→ PROVIDED DATA:
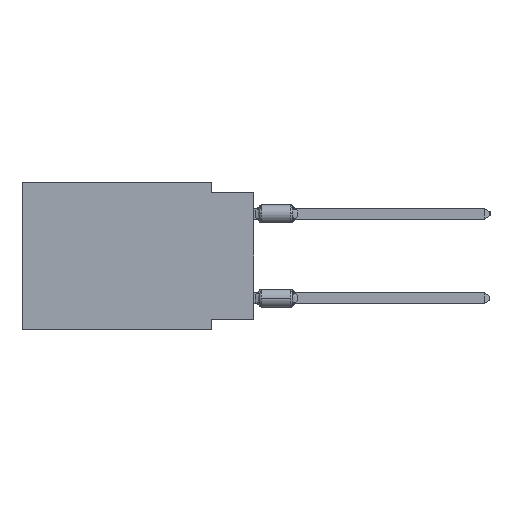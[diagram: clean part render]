
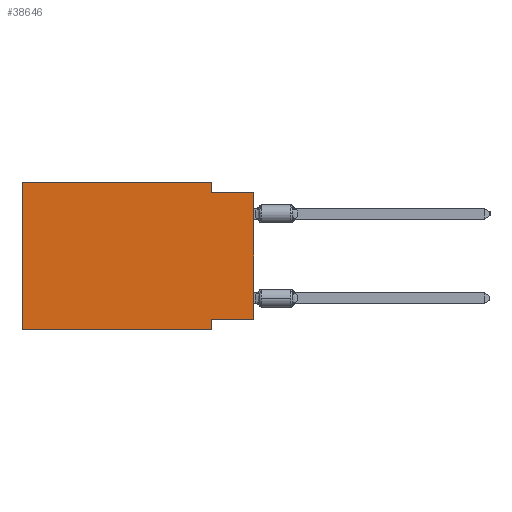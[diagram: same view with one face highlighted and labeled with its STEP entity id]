
A CAD part, left-side view. The second image highlights one B-rep face of the part: STEP entity #38646.
In plain terms, the highlighted planar face has unit normal (-1, 0, 0).
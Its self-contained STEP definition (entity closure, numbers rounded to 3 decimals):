
#622 = LINE ( 'NONE', #8043, #7315 ) ;
#1409 = EDGE_CURVE ( 'NONE', #5912, #30268, #622, .T. ) ;
#1950 = EDGE_CURVE ( 'NONE', #9400, #13231, #13703, .T. ) ;
#2110 = CARTESIAN_POINT ( 'NONE',  ( 0., 2.54, -8.89 ) ) ;
#2325 = VECTOR ( 'NONE', #45310, 1000. ) ;
#2566 = CARTESIAN_POINT ( 'NONE',  ( 0., 0., 0. ) ) ;
#2893 = EDGE_CURVE ( 'NONE', #17460, #12331, #15147, .T. ) ;
#3094 = EDGE_CURVE ( 'NONE', #13231, #12331, #9746, .T. ) ;
#3673 = ORIENTED_EDGE ( 'NONE', *, *, #3094, .F. ) ;
#4685 = DIRECTION ( 'NONE',  ( 0., -1., 0. ) ) ;
#4746 = DIRECTION ( 'NONE',  ( 0., -1., 0. ) ) ;
#4954 = ORIENTED_EDGE ( 'NONE', *, *, #19671, .F. ) ;
#5912 = VERTEX_POINT ( 'NONE', #37611 ) ;
#6798 = EDGE_CURVE ( 'NONE', #9400, #27241, #31613, .T. ) ;
#7315 = VECTOR ( 'NONE', #22216, 1000. ) ;
#7862 = DIRECTION ( 'NONE',  ( 1., 0., 0. ) ) ;
#8043 = CARTESIAN_POINT ( 'NONE',  ( 0., 2.54, 0. ) ) ;
#8090 = DIRECTION ( 'NONE',  ( 0., 0., -1. ) ) ;
#8386 = CARTESIAN_POINT ( 'NONE',  ( 0., 13.97, 0. ) ) ;
#8770 = VECTOR ( 'NONE', #4685, 1000. ) ;
#9151 = CARTESIAN_POINT ( 'NONE',  ( 0., 0., -8.255 ) ) ;
#9400 = VERTEX_POINT ( 'NONE', #28883 ) ;
#9746 = LINE ( 'NONE', #2110, #41453 ) ;
#11062 = ORIENTED_EDGE ( 'NONE', *, *, #43442, .F. ) ;
#11993 = VECTOR ( 'NONE', #25749, 1000. ) ;
#12158 = VECTOR ( 'NONE', #29549, 1000. ) ;
#12331 = VERTEX_POINT ( 'NONE', #43800 ) ;
#12976 = CARTESIAN_POINT ( 'NONE',  ( 0., 2.54, -8.255 ) ) ;
#13231 = VERTEX_POINT ( 'NONE', #12976 ) ;
#13703 = LINE ( 'NONE', #9151, #42217 ) ;
#15147 = LINE ( 'NONE', #32816, #8770 ) ;
#15509 = LINE ( 'NONE', #26655, #11993 ) ;
#17460 = VERTEX_POINT ( 'NONE', #21323 ) ;
#19671 = EDGE_CURVE ( 'NONE', #21999, #5912, #15509, .T. ) ;
#19924 = ORIENTED_EDGE ( 'NONE', *, *, #1950, .F. ) ;
#21323 = CARTESIAN_POINT ( 'NONE',  ( 0., 13.97, -8.89 ) ) ;
#21365 = DIRECTION ( 'NONE',  ( 0., 1., 0. ) ) ;
#21999 = VERTEX_POINT ( 'NONE', #35142 ) ;
#22151 = EDGE_CURVE ( 'NONE', #17460, #21999, #32572, .T. ) ;
#22216 = DIRECTION ( 'NONE',  ( 0., 0., -1. ) ) ;
#22773 = VECTOR ( 'NONE', #4746, 1000. ) ;
#25593 = EDGE_LOOP ( 'NONE', ( #36448, #11062, #31543, #4954, #31233, #35195, #3673, #19924 ) ) ;
#25726 = AXIS2_PLACEMENT_3D ( 'NONE', #29014, #7862, #8090 ) ;
#25749 = DIRECTION ( 'NONE',  ( 0., -1., 0. ) ) ;
#26575 = LINE ( 'NONE', #26798, #22773 ) ;
#26655 = CARTESIAN_POINT ( 'NONE',  ( 0., 13.97, 0. ) ) ;
#26798 = CARTESIAN_POINT ( 'NONE',  ( 0., 0., -0.635 ) ) ;
#27241 = VERTEX_POINT ( 'NONE', #31404 ) ;
#28883 = CARTESIAN_POINT ( 'NONE',  ( 0., 0., -8.255 ) ) ;
#29014 = CARTESIAN_POINT ( 'NONE',  ( 0., 13.97, 0. ) ) ;
#29549 = DIRECTION ( 'NONE',  ( 0., 0., 1. ) ) ;
#30268 = VERTEX_POINT ( 'NONE', #33345 ) ;
#31233 = ORIENTED_EDGE ( 'NONE', *, *, #22151, .F. ) ;
#31404 = CARTESIAN_POINT ( 'NONE',  ( 0., 0., -0.635 ) ) ;
#31543 = ORIENTED_EDGE ( 'NONE', *, *, #1409, .F. ) ;
#31613 = LINE ( 'NONE', #2566, #2325 ) ;
#32572 = LINE ( 'NONE', #8386, #12158 ) ;
#32816 = CARTESIAN_POINT ( 'NONE',  ( 0., 13.97, -8.89 ) ) ;
#33345 = CARTESIAN_POINT ( 'NONE',  ( 0., 2.54, -0.635 ) ) ;
#35142 = CARTESIAN_POINT ( 'NONE',  ( 0., 13.97, 0. ) ) ;
#35195 = ORIENTED_EDGE ( 'NONE', *, *, #2893, .T. ) ;
#36448 = ORIENTED_EDGE ( 'NONE', *, *, #6798, .T. ) ;
#37450 = DIRECTION ( 'NONE',  ( 0., 0., -1. ) ) ;
#37611 = CARTESIAN_POINT ( 'NONE',  ( 0., 2.54, 0. ) ) ;
#38646 = ADVANCED_FACE ( 'NONE', ( #39015 ), #39472, .F. ) ;
#39015 = FACE_OUTER_BOUND ( 'NONE', #25593, .T. ) ;
#39472 = PLANE ( 'NONE',  #25726 ) ;
#41453 = VECTOR ( 'NONE', #37450, 1000. ) ;
#42217 = VECTOR ( 'NONE', #21365, 1000. ) ;
#43442 = EDGE_CURVE ( 'NONE', #30268, #27241, #26575, .T. ) ;
#43800 = CARTESIAN_POINT ( 'NONE',  ( 0., 2.54, -8.89 ) ) ;
#45310 = DIRECTION ( 'NONE',  ( 0., 0., 1. ) ) ;
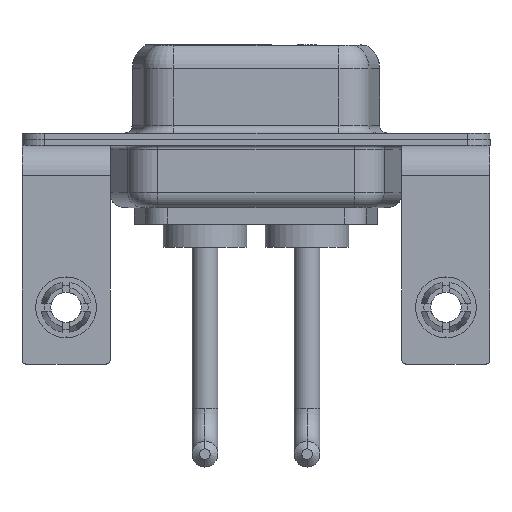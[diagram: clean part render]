
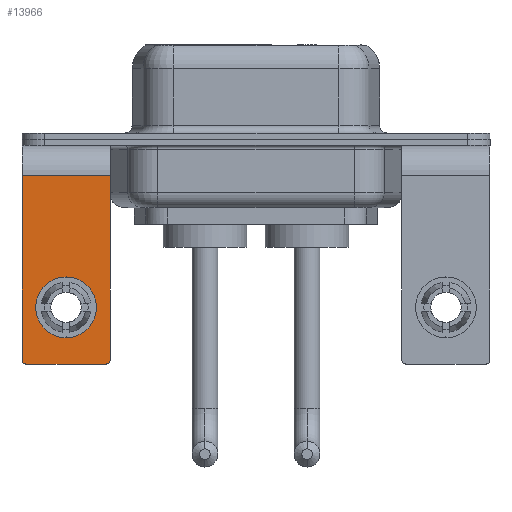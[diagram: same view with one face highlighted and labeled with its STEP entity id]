
A CAD part, front view. The second image highlights one B-rep face of the part: STEP entity #13966.
In plain terms, the highlighted planar face has unit normal (0, -1, 0).
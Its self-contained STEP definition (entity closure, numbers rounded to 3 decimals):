
#121 = FACE_OUTER_BOUND ( 'NONE', #9456, .T. ) ;
#216 = CARTESIAN_POINT ( 'NONE',  ( 0., -6.25, -11.07 ) ) ;
#380 = CARTESIAN_POINT ( 'NONE',  ( 2.9, -6.25, -2.4 ) ) ;
#432 = DIRECTION ( 'NONE',  ( 0., 0., 1. ) ) ;
#474 = DIRECTION ( 'NONE',  ( 0., -1., 0. ) ) ;
#619 = CARTESIAN_POINT ( 'NONE',  ( -2.65, -6.25, -14.8 ) ) ;
#945 = EDGE_LOOP ( 'NONE', ( #2846, #1169 ) ) ;
#952 = EDGE_CURVE ( 'NONE', #10773, #7901, #11549, .T. ) ;
#1169 = ORIENTED_EDGE ( 'NONE', *, *, #2787, .T. ) ;
#1291 = CIRCLE ( 'NONE', #2558, 0.25 ) ;
#1400 = FACE_BOUND ( 'NONE', #945, .T. ) ;
#1679 = CARTESIAN_POINT ( 'NONE',  ( -2.65, -6.25, -14.55 ) ) ;
#1815 = VERTEX_POINT ( 'NONE', #9337 ) ;
#2558 = AXIS2_PLACEMENT_3D ( 'NONE', #5940, #10790, #14271 ) ;
#2747 = DIRECTION ( 'NONE',  ( 0., 1., 0. ) ) ;
#2787 = EDGE_CURVE ( 'NONE', #11035, #11702, #4448, .T. ) ;
#2834 = DIRECTION ( 'NONE',  ( 0., 1., 0. ) ) ;
#2846 = ORIENTED_EDGE ( 'NONE', *, *, #14520, .T. ) ;
#4271 = EDGE_CURVE ( 'NONE', #14772, #10773, #14835, .T. ) ;
#4448 = CIRCLE ( 'NONE', #13317, 2. ) ;
#4930 = DIRECTION ( 'NONE',  ( 0., 1., 0. ) ) ;
#5069 = DIRECTION ( 'NONE',  ( 0., 0., 1. ) ) ;
#5351 = DIRECTION ( 'NONE',  ( 0., 0., 1. ) ) ;
#5814 = VERTEX_POINT ( 'NONE', #619 ) ;
#5940 = CARTESIAN_POINT ( 'NONE',  ( 2.65, -6.25, -14.55 ) ) ;
#6259 = CARTESIAN_POINT ( 'NONE',  ( 2.9, -6.25, -2.4 ) ) ;
#6270 = LINE ( 'NONE', #7618, #8655 ) ;
#6422 = DIRECTION ( 'NONE',  ( -1., 0., 0. ) ) ;
#6991 = CARTESIAN_POINT ( 'NONE',  ( 0., -6.25, -9.07 ) ) ;
#6992 = VERTEX_POINT ( 'NONE', #8693 ) ;
#7105 = ORIENTED_EDGE ( 'NONE', *, *, #12849, .T. ) ;
#7149 = VECTOR ( 'NONE', #8823, 1000. ) ;
#7489 = ORIENTED_EDGE ( 'NONE', *, *, #12532, .F. ) ;
#7618 = CARTESIAN_POINT ( 'NONE',  ( 2.9, -6.25, -14.8 ) ) ;
#7754 = AXIS2_PLACEMENT_3D ( 'NONE', #13715, #2834, #432 ) ;
#7901 = VERTEX_POINT ( 'NONE', #12515 ) ;
#8399 = CARTESIAN_POINT ( 'NONE',  ( 2.9, -6.25, -2.4 ) ) ;
#8655 = VECTOR ( 'NONE', #6422, 1000. ) ;
#8693 = CARTESIAN_POINT ( 'NONE',  ( 2.65, -6.25, -14.8 ) ) ;
#8779 = CIRCLE ( 'NONE', #7754, 2. ) ;
#8823 = DIRECTION ( 'NONE',  ( -1., 0., 0. ) ) ;
#9284 = VECTOR ( 'NONE', #11108, 1000. ) ;
#9337 = CARTESIAN_POINT ( 'NONE',  ( 2.9, -6.25, -14.55 ) ) ;
#9400 = DIRECTION ( 'NONE',  ( 0., 0., -1. ) ) ;
#9456 = EDGE_LOOP ( 'NONE', ( #12238, #11721, #7489, #7105, #11428, #11821 ) ) ;
#9852 = DIRECTION ( 'NONE',  ( 0., 0., 1. ) ) ;
#10201 = CARTESIAN_POINT ( 'NONE',  ( 0., -6.25, -13.07 ) ) ;
#10773 = VERTEX_POINT ( 'NONE', #12315 ) ;
#10790 = DIRECTION ( 'NONE',  ( 0., -1., 0. ) ) ;
#10953 = PLANE ( 'NONE',  #14831 ) ;
#11035 = VERTEX_POINT ( 'NONE', #6991 ) ;
#11108 = DIRECTION ( 'NONE',  ( 0., 0., -1. ) ) ;
#11428 = ORIENTED_EDGE ( 'NONE', *, *, #14530, .F. ) ;
#11549 = LINE ( 'NONE', #15171, #14471 ) ;
#11702 = VERTEX_POINT ( 'NONE', #10201 ) ;
#11721 = ORIENTED_EDGE ( 'NONE', *, *, #15572, .T. ) ;
#11821 = ORIENTED_EDGE ( 'NONE', *, *, #4271, .T. ) ;
#12238 = ORIENTED_EDGE ( 'NONE', *, *, #952, .T. ) ;
#12315 = CARTESIAN_POINT ( 'NONE',  ( -2.9, -6.25, -2.4 ) ) ;
#12366 = CARTESIAN_POINT ( 'NONE',  ( 2.9, -6.25, -2.4 ) ) ;
#12515 = CARTESIAN_POINT ( 'NONE',  ( -2.9, -6.25, -14.55 ) ) ;
#12532 = EDGE_CURVE ( 'NONE', #6992, #5814, #6270, .T. ) ;
#12849 = EDGE_CURVE ( 'NONE', #6992, #1815, #1291, .T. ) ;
#13317 = AXIS2_PLACEMENT_3D ( 'NONE', #216, #4930, #9852 ) ;
#13715 = CARTESIAN_POINT ( 'NONE',  ( 0., -6.25, -11.07 ) ) ;
#13966 = ADVANCED_FACE ( 'NONE', ( #1400, #121 ), #10953, .F. ) ;
#14117 = AXIS2_PLACEMENT_3D ( 'NONE', #1679, #474, #5351 ) ;
#14271 = DIRECTION ( 'NONE',  ( 0., 0., 1. ) ) ;
#14471 = VECTOR ( 'NONE', #9400, 1000. ) ;
#14520 = EDGE_CURVE ( 'NONE', #11702, #11035, #8779, .T. ) ;
#14530 = EDGE_CURVE ( 'NONE', #14772, #1815, #14973, .T. ) ;
#14772 = VERTEX_POINT ( 'NONE', #8399 ) ;
#14831 = AXIS2_PLACEMENT_3D ( 'NONE', #12366, #2747, #5069 ) ;
#14835 = LINE ( 'NONE', #380, #7149 ) ;
#14973 = LINE ( 'NONE', #6259, #9284 ) ;
#15171 = CARTESIAN_POINT ( 'NONE',  ( -2.9, -6.25, -2.4 ) ) ;
#15375 = CIRCLE ( 'NONE', #14117, 0.25 ) ;
#15572 = EDGE_CURVE ( 'NONE', #7901, #5814, #15375, .T. ) ;

→ WORK REQUIRED:
Where the line holding "#29549 = DIRECTION" appears in the listing above, start reproducing exactly, and end with the line holding "#35195 = ORIENTED_EDGE".

→ OUTPUT:
#29549 = DIRECTION ( 'NONE',  ( 0., 0., 1. ) ) ;
#30268 = VERTEX_POINT ( 'NONE', #33345 ) ;
#31233 = ORIENTED_EDGE ( 'NONE', *, *, #22151, .F. ) ;
#31404 = CARTESIAN_POINT ( 'NONE',  ( 0., 0., -0.635 ) ) ;
#31543 = ORIENTED_EDGE ( 'NONE', *, *, #1409, .F. ) ;
#31613 = LINE ( 'NONE', #2566, #2325 ) ;
#32572 = LINE ( 'NONE', #8386, #12158 ) ;
#32816 = CARTESIAN_POINT ( 'NONE',  ( 0., 13.97, -8.89 ) ) ;
#33345 = CARTESIAN_POINT ( 'NONE',  ( 0., 2.54, -0.635 ) ) ;
#35142 = CARTESIAN_POINT ( 'NONE',  ( 0., 13.97, 0. ) ) ;
#35195 = ORIENTED_EDGE ( 'NONE', *, *, #2893, .T. ) ;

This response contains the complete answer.